Author : Elizabeth H. Yen
Publisher : Humana Press
Page : 288 pages
File Size : 49,55 MB
Release : 2015-11-28
Category : Medical
ISBN : 3319163876
Nutritional therapies have been key early interventions, and remain central to the well-being and survival of patients with cystic fibrosis. The nature of the disease causes significant alterations in a patient’s ability to process and assimilate nutrients. Furthermore, many factors contribute to higher metabolic demands throughout a patient’s life. In combination, maldigestion, malabsorption, and increased metabolic demands pose a high hurdle for the patient to overcome in order to maintain optimal nutritional status.
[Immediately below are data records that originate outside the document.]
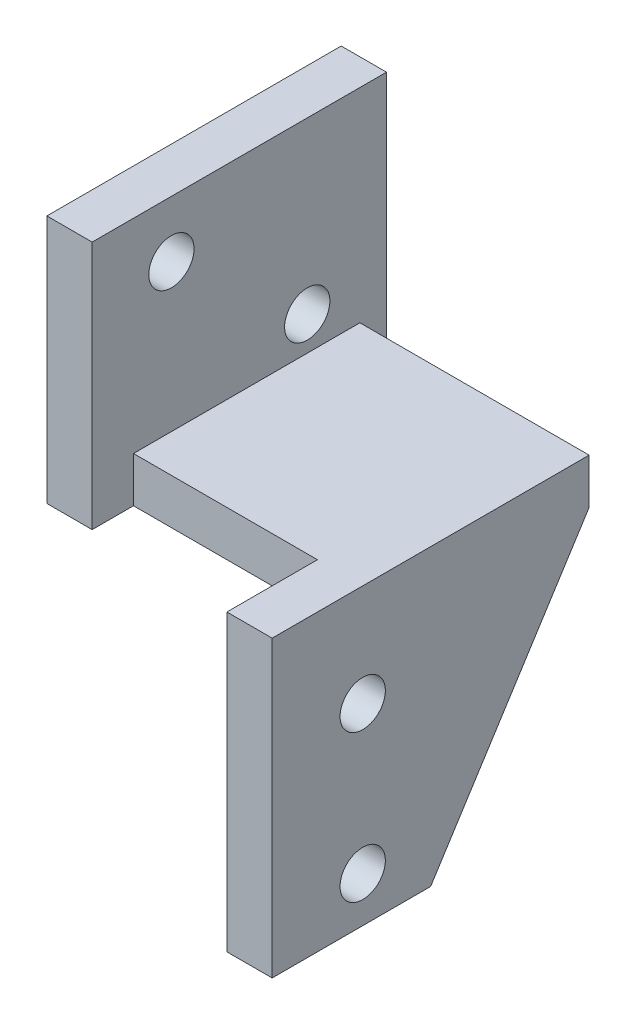
ISO-10303-21;
HEADER;
FILE_DESCRIPTION(('STEP AP214'),'2;1');
FILE_NAME('part.step','',(''),(''),'','','');
FILE_SCHEMA(('AUTOMOTIVE_DESIGN { 1 0 10303 214 1 1 1 1 }'));
ENDSEC;
DATA;
#1=APPLICATION_CONTEXT('core data for automotive mechanical design processes');
#2=APPLICATION_PROTOCOL_DEFINITION('international standard','automotive_design',2000,#1);
#3=PRODUCT_CONTEXT('',#1,'mechanical');
#4=PRODUCT('Part','Part','',(#3));
#5=PRODUCT_RELATED_PRODUCT_CATEGORY('part','',(#4));
#6=PRODUCT_DEFINITION_FORMATION('','',#4);
#7=PRODUCT_DEFINITION_CONTEXT('part definition',#1,'design');
#8=PRODUCT_DEFINITION('design','',#6,#7);
#9=PRODUCT_DEFINITION_SHAPE('','',#8);
#10=(LENGTH_UNIT() NAMED_UNIT(*) SI_UNIT(.MILLI.,.METRE.));
#11=(NAMED_UNIT(*) PLANE_ANGLE_UNIT() SI_UNIT($,.RADIAN.));
#12=(NAMED_UNIT(*) SI_UNIT($,.STERADIAN.) SOLID_ANGLE_UNIT());
#13=UNCERTAINTY_MEASURE_WITH_UNIT(LENGTH_MEASURE(1.E-05),#10,'distance_accuracy_value','');
#14=(GEOMETRIC_REPRESENTATION_CONTEXT(3) GLOBAL_UNCERTAINTY_ASSIGNED_CONTEXT((#13)) GLOBAL_UNIT_ASSIGNED_CONTEXT((#10,
#11,#12)) REPRESENTATION_CONTEXT('',''));
#15=CARTESIAN_POINT('',(0.,0.,0.));
#16=DIRECTION('',(0.,0.,1.));
#17=DIRECTION('',(1.,0.,0.));
#18=AXIS2_PLACEMENT_3D('',#15,#16,#17);
#19=CARTESIAN_POINT('',(0.,0.,20.));
#20=DIRECTION('',(0.,0.,1.));
#21=DIRECTION('',(1.,0.,0.));
#22=AXIS2_PLACEMENT_3D('',#19,#20,#21);
#23=PLANE('',#22);
#24=DIRECTION('',(1.,0.,0.));
#25=VECTOR('',#24,1.);
#26=CARTESIAN_POINT('',(0.,-2.,20.));
#27=LINE('',#26,#25);
#28=CARTESIAN_POINT('',(4.,-2.,20.));
#29=VERTEX_POINT('',#28);
#30=CARTESIAN_POINT('',(20.25,-2.,20.));
#31=VERTEX_POINT('',#30);
#32=EDGE_CURVE('E175',#29,#31,#27,.T.);
#33=ORIENTED_EDGE('',*,*,#32,.T.);
#34=DIRECTION('',(0.,-1.,0.));
#35=VECTOR('',#34,1.);
#36=CARTESIAN_POINT('',(20.25,-24.,20.));
#37=LINE('',#36,#35);
#38=CARTESIAN_POINT('',(20.25,2.,20.));
#39=VERTEX_POINT('',#38);
#40=EDGE_CURVE('E249',#39,#31,#37,.T.);
#41=ORIENTED_EDGE('',*,*,#40,.F.);
#42=DIRECTION('',(1.,0.,0.));
#43=VECTOR('',#42,1.);
#44=CARTESIAN_POINT('',(0.,2.,20.));
#45=LINE('',#44,#43);
#46=CARTESIAN_POINT('',(4.,2.,20.));
#47=VERTEX_POINT('',#46);
#48=EDGE_CURVE('E172',#47,#39,#45,.T.);
#49=ORIENTED_EDGE('',*,*,#48,.F.);
#50=DIRECTION('',(0.,1.,0.));
#51=VECTOR('',#50,1.);
#52=CARTESIAN_POINT('',(4.,16.,20.));
#53=LINE('',#52,#51);
#54=EDGE_CURVE('E243',#29,#47,#53,.T.);
#55=ORIENTED_EDGE('',*,*,#54,.F.);
#56=EDGE_LOOP('',(#33,#41,#49,#55));
#57=FACE_BOUND('',#56,.T.);
#58=ADVANCED_FACE('F43',(#57),#23,.T.);
#59=CARTESIAN_POINT('',(4.,0.,20.));
#60=DIRECTION('',(1.,0.,0.));
#61=DIRECTION('',(0.,1.,0.));
#62=AXIS2_PLACEMENT_3D('',#59,#60,#61);
#63=PLANE('',#62);
#64=CARTESIAN_POINT('',(4.,15.,16.65));
#65=DIRECTION('',(1.,0.,0.));
#66=DIRECTION('',(0.,1.,0.));
#67=AXIS2_PLACEMENT_3D('',#64,#65,#66);
#68=CIRCLE('',#67,2.);
#69=CARTESIAN_POINT('',(4.,17.,16.65));
#70=VERTEX_POINT('',#69);
#71=EDGE_CURVE('E241',#70,#70,#68,.T.);
#72=ORIENTED_EDGE('',*,*,#71,.F.);
#73=EDGE_LOOP('',(#72));
#74=FACE_BOUND('',#73,.T.);
#75=DIRECTION('',(0.,1.,0.));
#76=VECTOR('',#75,1.);
#77=CARTESIAN_POINT('',(4.,0.,-2.35));
#78=LINE('',#77,#76);
#79=CARTESIAN_POINT('',(4.,-2.,-2.35));
#80=VERTEX_POINT('',#79);
#81=CARTESIAN_POINT('',(4.,20.,-2.35));
#82=VERTEX_POINT('',#81);
#83=EDGE_CURVE('E65',#80,#82,#78,.T.);
#84=ORIENTED_EDGE('',*,*,#83,.T.);
#85=DIRECTION('',(0.,0.,-1.));
#86=VECTOR('',#85,1.);
#87=CARTESIAN_POINT('',(4.,20.,-2.35));
#88=LINE('',#87,#86);
#89=CARTESIAN_POINT('',(4.,20.,23.65));
#90=VERTEX_POINT('',#89);
#91=EDGE_CURVE('E205',#90,#82,#88,.T.);
#92=ORIENTED_EDGE('',*,*,#91,.F.);
#93=DIRECTION('',(0.,1.,0.));
#94=VECTOR('',#93,1.);
#95=CARTESIAN_POINT('',(4.,0.,23.65));
#96=LINE('',#95,#94);
#97=CARTESIAN_POINT('',(4.,-2.,23.65));
#98=VERTEX_POINT('',#97);
#99=EDGE_CURVE('E207',#98,#90,#96,.T.);
#100=ORIENTED_EDGE('',*,*,#99,.F.);
#101=DIRECTION('',(0.,0.,-1.));
#102=VECTOR('',#101,1.);
#103=CARTESIAN_POINT('',(4.,-2.,40.));
#104=LINE('',#103,#102);
#105=EDGE_CURVE('E167',#98,#29,#104,.T.);
#106=ORIENTED_EDGE('',*,*,#105,.T.);
#107=ORIENTED_EDGE('',*,*,#54,.T.);
#108=DIRECTION('',(0.,0.,-1.));
#109=VECTOR('',#108,1.);
#110=CARTESIAN_POINT('',(4.,2.,20.));
#111=LINE('',#110,#109);
#112=CARTESIAN_POINT('',(4.,2.,0.));
#113=VERTEX_POINT('',#112);
#114=EDGE_CURVE('E157',#47,#113,#111,.T.);
#115=ORIENTED_EDGE('',*,*,#114,.T.);
#116=DIRECTION('',(0.,-1.,0.));
#117=VECTOR('',#116,1.);
#118=CARTESIAN_POINT('',(4.,16.,0.));
#119=LINE('',#118,#117);
#120=CARTESIAN_POINT('',(4.,-2.,0.));
#121=VERTEX_POINT('',#120);
#122=EDGE_CURVE('E51',#113,#121,#119,.T.);
#123=ORIENTED_EDGE('',*,*,#122,.T.);
#124=DIRECTION('',(0.,0.,1.));
#125=VECTOR('',#124,1.);
#126=CARTESIAN_POINT('',(4.,-2.,-20.));
#127=LINE('',#126,#125);
#128=EDGE_CURVE('E169',#80,#121,#127,.T.);
#129=ORIENTED_EDGE('',*,*,#128,.F.);
#130=EDGE_LOOP('',(#84,#92,#100,#106,#107,#115,#123,#129));
#131=FACE_BOUND('',#130,.T.);
#132=CARTESIAN_POINT('',(4.,5.,4.65));
#133=DIRECTION('',(1.,0.,0.));
#134=DIRECTION('',(0.,1.,0.));
#135=AXIS2_PLACEMENT_3D('',#132,#133,#134);
#136=CIRCLE('',#135,2.);
#137=CARTESIAN_POINT('',(4.,7.,4.65));
#138=VERTEX_POINT('',#137);
#139=EDGE_CURVE('E206',#138,#138,#136,.T.);
#140=ORIENTED_EDGE('',*,*,#139,.F.);
#141=EDGE_LOOP('',(#140));
#142=FACE_BOUND('',#141,.T.);
#143=ADVANCED_FACE('F200',(#74,#131,#142),#63,.T.);
#144=CARTESIAN_POINT('',(0.,0.,20.));
#145=DIRECTION('',(-1.,0.,0.));
#146=DIRECTION('',(0.,0.,1.));
#147=AXIS2_PLACEMENT_3D('',#144,#145,#146);
#148=PLANE('',#147);
#149=CARTESIAN_POINT('',(0.,15.,16.65));
#150=DIRECTION('',(-1.,0.,0.));
#151=DIRECTION('',(0.,0.,1.));
#152=AXIS2_PLACEMENT_3D('',#149,#150,#151);
#153=CIRCLE('',#152,2.);
#154=CARTESIAN_POINT('',(0.,15.,18.65));
#155=VERTEX_POINT('',#154);
#156=EDGE_CURVE('E225',#155,#155,#153,.T.);
#157=ORIENTED_EDGE('',*,*,#156,.F.);
#158=EDGE_LOOP('',(#157));
#159=FACE_BOUND('',#158,.T.);
#160=DIRECTION('',(0.,0.,1.));
#161=VECTOR('',#160,1.);
#162=CARTESIAN_POINT('',(0.,20.,-2.35));
#163=LINE('',#162,#161);
#164=CARTESIAN_POINT('',(0.,20.,-2.35));
#165=VERTEX_POINT('',#164);
#166=CARTESIAN_POINT('',(0.,20.,23.65));
#167=VERTEX_POINT('',#166);
#168=EDGE_CURVE('E266',#165,#167,#163,.T.);
#169=ORIENTED_EDGE('',*,*,#168,.F.);
#170=DIRECTION('',(0.,-1.,0.));
#171=VECTOR('',#170,1.);
#172=CARTESIAN_POINT('',(0.,0.,-2.35));
#173=LINE('',#172,#171);
#174=CARTESIAN_POINT('',(0.,-2.,-2.35));
#175=VERTEX_POINT('',#174);
#176=EDGE_CURVE('E221',#165,#175,#173,.T.);
#177=ORIENTED_EDGE('',*,*,#176,.T.);
#178=DIRECTION('',(0.,0.,-1.));
#179=VECTOR('',#178,1.);
#180=CARTESIAN_POINT('',(0.,-2.,20.));
#181=LINE('',#180,#179);
#182=CARTESIAN_POINT('',(0.,-2.,23.65));
#183=VERTEX_POINT('',#182);
#184=EDGE_CURVE('E150',#183,#175,#181,.T.);
#185=ORIENTED_EDGE('',*,*,#184,.F.);
#186=DIRECTION('',(0.,-1.,0.));
#187=VECTOR('',#186,1.);
#188=CARTESIAN_POINT('',(0.,0.,23.65));
#189=LINE('',#188,#187);
#190=EDGE_CURVE('E232',#167,#183,#189,.T.);
#191=ORIENTED_EDGE('',*,*,#190,.F.);
#192=EDGE_LOOP('',(#169,#177,#185,#191));
#193=FACE_BOUND('',#192,.T.);
#194=CARTESIAN_POINT('',(0.,5.,4.65));
#195=DIRECTION('',(-1.,0.,0.));
#196=DIRECTION('',(0.,0.,1.));
#197=AXIS2_PLACEMENT_3D('',#194,#195,#196);
#198=CIRCLE('',#197,2.);
#199=CARTESIAN_POINT('',(0.,5.,6.65));
#200=VERTEX_POINT('',#199);
#201=EDGE_CURVE('E222',#200,#200,#198,.T.);
#202=ORIENTED_EDGE('',*,*,#201,.F.);
#203=EDGE_LOOP('',(#202));
#204=FACE_BOUND('',#203,.T.);
#205=ADVANCED_FACE('F276',(#159,#193,#204),#148,.T.);
#206=CARTESIAN_POINT('',(0.,-2.,20.));
#207=DIRECTION('',(0.,1.,0.));
#208=DIRECTION('',(0.,0.,1.));
#209=AXIS2_PLACEMENT_3D('',#206,#207,#208);
#210=PLANE('',#209);
#211=DIRECTION('',(-1.,0.,0.));
#212=VECTOR('',#211,1.);
#213=CARTESIAN_POINT('',(20.,-2.,-2.35));
#214=LINE('',#213,#212);
#215=EDGE_CURVE('E199',#80,#175,#214,.T.);
#216=ORIENTED_EDGE('',*,*,#215,.F.);
#217=ORIENTED_EDGE('',*,*,#128,.T.);
#218=DIRECTION('',(1.,0.,0.));
#219=VECTOR('',#218,1.);
#220=CARTESIAN_POINT('',(0.,-2.,0.));
#221=LINE('',#220,#219);
#222=CARTESIAN_POINT('',(20.25,-2.,0.));
#223=VERTEX_POINT('',#222);
#224=EDGE_CURVE('E181',#121,#223,#221,.T.);
#225=ORIENTED_EDGE('',*,*,#224,.T.);
#226=DIRECTION('',(0.,0.,-1.));
#227=VECTOR('',#226,1.);
#228=CARTESIAN_POINT('',(20.25,-2.,20.));
#229=LINE('',#228,#227);
#230=EDGE_CURVE('E142',#31,#223,#229,.T.);
#231=ORIENTED_EDGE('',*,*,#230,.F.);
#232=ORIENTED_EDGE('',*,*,#32,.F.);
#233=ORIENTED_EDGE('',*,*,#105,.F.);
#234=DIRECTION('',(-1.,0.,0.));
#235=VECTOR('',#234,1.);
#236=CARTESIAN_POINT('',(20.,-2.,23.65));
#237=LINE('',#236,#235);
#238=EDGE_CURVE('E230',#98,#183,#237,.T.);
#239=ORIENTED_EDGE('',*,*,#238,.T.);
#240=ORIENTED_EDGE('',*,*,#184,.T.);
#241=EDGE_LOOP('',(#216,#217,#225,#231,#232,#233,#239,#240));
#242=FACE_BOUND('',#241,.T.);
#243=ADVANCED_FACE('F197',(#242),#210,.F.);
#244=CARTESIAN_POINT('',(0.,0.,0.));
#245=DIRECTION('',(0.,0.,1.));
#246=DIRECTION('',(1.,0.,0.));
#247=AXIS2_PLACEMENT_3D('',#244,#245,#246);
#248=PLANE('',#247);
#249=DIRECTION('',(0.,1.,0.));
#250=VECTOR('',#249,1.);
#251=CARTESIAN_POINT('',(24.25,0.,0.));
#252=LINE('',#251,#250);
#253=CARTESIAN_POINT('',(24.25,-2.00000000000001,0.));
#254=VERTEX_POINT('',#253);
#255=CARTESIAN_POINT('',(24.25,2.,0.));
#256=VERTEX_POINT('',#255);
#257=EDGE_CURVE('E176',#254,#256,#252,.T.);
#258=ORIENTED_EDGE('',*,*,#257,.F.);
#259=DIRECTION('',(-1.,0.,0.));
#260=VECTOR('',#259,1.);
#261=CARTESIAN_POINT('',(28.25,-2.,0.));
#262=LINE('',#261,#260);
#263=EDGE_CURVE('E58',#254,#223,#262,.T.);
#264=ORIENTED_EDGE('',*,*,#263,.T.);
#265=ORIENTED_EDGE('',*,*,#224,.F.);
#266=ORIENTED_EDGE('',*,*,#122,.F.);
#267=DIRECTION('',(1.,0.,0.));
#268=VECTOR('',#267,1.);
#269=CARTESIAN_POINT('',(0.,2.,0.));
#270=LINE('',#269,#268);
#271=EDGE_CURVE('E171',#113,#256,#270,.T.);
#272=ORIENTED_EDGE('',*,*,#271,.T.);
#273=EDGE_LOOP('',(#258,#264,#265,#266,#272));
#274=FACE_BOUND('',#273,.T.);
#275=ADVANCED_FACE('F194',(#274),#248,.F.);
#276=CARTESIAN_POINT('',(0.,2.,20.));
#277=DIRECTION('',(0.,1.,0.));
#278=DIRECTION('',(0.,0.,1.));
#279=AXIS2_PLACEMENT_3D('',#276,#277,#278);
#280=PLANE('',#279);
#281=ORIENTED_EDGE('',*,*,#271,.F.);
#282=ORIENTED_EDGE('',*,*,#114,.F.);
#283=ORIENTED_EDGE('',*,*,#48,.T.);
#284=DIRECTION('',(0.,0.,-1.));
#285=VECTOR('',#284,1.);
#286=CARTESIAN_POINT('',(20.25,2.,28.));
#287=LINE('',#286,#285);
#288=CARTESIAN_POINT('',(20.25,2.,28.));
#289=VERTEX_POINT('',#288);
#290=EDGE_CURVE('E250',#289,#39,#287,.T.);
#291=ORIENTED_EDGE('',*,*,#290,.F.);
#292=DIRECTION('',(-1.,0.,0.));
#293=VECTOR('',#292,1.);
#294=CARTESIAN_POINT('',(20.25,2.,28.));
#295=LINE('',#294,#293);
#296=CARTESIAN_POINT('',(24.25,2.,28.));
#297=VERTEX_POINT('',#296);
#298=EDGE_CURVE('E188',#297,#289,#295,.T.);
#299=ORIENTED_EDGE('',*,*,#298,.F.);
#300=DIRECTION('',(0.,0.,-1.));
#301=VECTOR('',#300,1.);
#302=CARTESIAN_POINT('',(24.25,2.,20.));
#303=LINE('',#302,#301);
#304=EDGE_CURVE('E152',#297,#256,#303,.T.);
#305=ORIENTED_EDGE('',*,*,#304,.T.);
#306=EDGE_LOOP('',(#281,#282,#283,#291,#299,#305));
#307=FACE_BOUND('',#306,.T.);
#308=ADVANCED_FACE('F45',(#307),#280,.T.);
#309=CARTESIAN_POINT('',(20.25,0.,20.));
#310=DIRECTION('',(-1.,0.,0.));
#311=DIRECTION('',(0.,-1.,0.));
#312=AXIS2_PLACEMENT_3D('',#309,#310,#311);
#313=PLANE('',#312);
#314=DIRECTION('',(0.,0.843661487732107,-0.536875492193159));
#315=VECTOR('',#314,1.);
#316=CARTESIAN_POINT('',(20.25,-0.576470588235294,-0.90588235294118));
#317=LINE('',#316,#315);
#318=CARTESIAN_POINT('',(20.25,-24.,14.));
#319=VERTEX_POINT('',#318);
#320=EDGE_CURVE('E129',#319,#223,#317,.T.);
#321=ORIENTED_EDGE('',*,*,#320,.F.);
#322=DIRECTION('',(0.,0.,-1.));
#323=VECTOR('',#322,1.);
#324=CARTESIAN_POINT('',(20.25,-24.,20.));
#325=LINE('',#324,#323);
#326=CARTESIAN_POINT('',(20.25,-24.,28.));
#327=VERTEX_POINT('',#326);
#328=EDGE_CURVE('E139',#327,#319,#325,.T.);
#329=ORIENTED_EDGE('',*,*,#328,.F.);
#330=DIRECTION('',(0.,-1.,0.));
#331=VECTOR('',#330,1.);
#332=CARTESIAN_POINT('',(20.25,-24.,28.));
#333=LINE('',#332,#331);
#334=EDGE_CURVE('E253',#289,#327,#333,.T.);
#335=ORIENTED_EDGE('',*,*,#334,.F.);
#336=ORIENTED_EDGE('',*,*,#290,.T.);
#337=ORIENTED_EDGE('',*,*,#40,.T.);
#338=ORIENTED_EDGE('',*,*,#230,.T.);
#339=EDGE_LOOP('',(#321,#329,#335,#336,#337,#338));
#340=FACE_BOUND('',#339,.T.);
#341=CARTESIAN_POINT('',(20.25,-20.,20.));
#342=DIRECTION('',(-1.,0.,0.));
#343=DIRECTION('',(0.,-1.,0.));
#344=AXIS2_PLACEMENT_3D('',#341,#342,#343);
#345=CIRCLE('',#344,2.);
#346=CARTESIAN_POINT('',(20.25,-22.,20.));
#347=VERTEX_POINT('',#346);
#348=EDGE_CURVE('E270',#347,#347,#345,.T.);
#349=ORIENTED_EDGE('',*,*,#348,.F.);
#350=EDGE_LOOP('',(#349));
#351=FACE_BOUND('',#350,.T.);
#352=CARTESIAN_POINT('',(20.25,-7.,20.));
#353=DIRECTION('',(-1.,0.,0.));
#354=DIRECTION('',(0.,-1.,0.));
#355=AXIS2_PLACEMENT_3D('',#352,#353,#354);
#356=CIRCLE('',#355,2.);
#357=CARTESIAN_POINT('',(20.25,-9.,20.));
#358=VERTEX_POINT('',#357);
#359=EDGE_CURVE('E267',#358,#358,#356,.T.);
#360=ORIENTED_EDGE('',*,*,#359,.F.);
#361=EDGE_LOOP('',(#360));
#362=FACE_BOUND('',#361,.T.);
#363=ADVANCED_FACE('F136',(#340,#351,#362),#313,.T.);
#364=CARTESIAN_POINT('',(0.,-24.,20.));
#365=DIRECTION('',(0.,1.,0.));
#366=DIRECTION('',(0.,0.,1.));
#367=AXIS2_PLACEMENT_3D('',#364,#365,#366);
#368=PLANE('',#367);
#369=ORIENTED_EDGE('',*,*,#328,.T.);
#370=DIRECTION('',(-1.,0.,0.));
#371=VECTOR('',#370,1.);
#372=CARTESIAN_POINT('',(28.25,-24.,14.));
#373=LINE('',#372,#371);
#374=CARTESIAN_POINT('',(24.25,-24.,14.));
#375=VERTEX_POINT('',#374);
#376=EDGE_CURVE('E126',#375,#319,#373,.T.);
#377=ORIENTED_EDGE('',*,*,#376,.F.);
#378=DIRECTION('',(0.,0.,-1.));
#379=VECTOR('',#378,1.);
#380=CARTESIAN_POINT('',(24.25,-24.,20.));
#381=LINE('',#380,#379);
#382=CARTESIAN_POINT('',(24.25,-24.,28.));
#383=VERTEX_POINT('',#382);
#384=EDGE_CURVE('E148',#383,#375,#381,.T.);
#385=ORIENTED_EDGE('',*,*,#384,.F.);
#386=DIRECTION('',(1.,0.,0.));
#387=VECTOR('',#386,1.);
#388=CARTESIAN_POINT('',(20.25,-24.,28.));
#389=LINE('',#388,#387);
#390=EDGE_CURVE('E146',#327,#383,#389,.T.);
#391=ORIENTED_EDGE('',*,*,#390,.F.);
#392=EDGE_LOOP('',(#369,#377,#385,#391));
#393=FACE_BOUND('',#392,.T.);
#394=ADVANCED_FACE('F144',(#393),#368,.F.);
#395=CARTESIAN_POINT('',(24.25,0.,20.));
#396=DIRECTION('',(-1.,0.,0.));
#397=DIRECTION('',(0.,0.,1.));
#398=AXIS2_PLACEMENT_3D('',#395,#396,#397);
#399=PLANE('',#398);
#400=ORIENTED_EDGE('',*,*,#384,.T.);
#401=DIRECTION('',(0.,0.843661487732107,-0.536875492193159));
#402=VECTOR('',#401,1.);
#403=CARTESIAN_POINT('',(24.25,-9.63529411764706,4.85882352941176));
#404=LINE('',#403,#402);
#405=EDGE_CURVE('E11',#375,#254,#404,.T.);
#406=ORIENTED_EDGE('',*,*,#405,.T.);
#407=ORIENTED_EDGE('',*,*,#257,.T.);
#408=ORIENTED_EDGE('',*,*,#304,.F.);
#409=DIRECTION('',(0.,1.,0.));
#410=VECTOR('',#409,1.);
#411=CARTESIAN_POINT('',(24.25,-24.,28.));
#412=LINE('',#411,#410);
#413=EDGE_CURVE('E256',#383,#297,#412,.T.);
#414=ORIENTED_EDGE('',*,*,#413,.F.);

Nutrition in Cystic Fibrosis: A Guide for Clinicians is an excellent resource for physicians, nurses and dietitians who deliver care for patients with cystic fibrosis. The book provides an introduction to cystic fibrosis and nutritional assessments. It will also serve as a comprehensive guide to the nutritional monitoring and management of patients with cystic fibrosis including special populations within cystic fibrosis that require additional considerations. The chapters are written by experts in their fields and include the most up to date scientific and clinical information. Nutrition in Cystic Fibrosis: A Guide for Clinicians targets pediatric and adult pulmonologists and gastroenterologists, residents and fellows, internists, pediatricians, nurses, dietitians and general practitioners who treat patients with cystic fibrosis.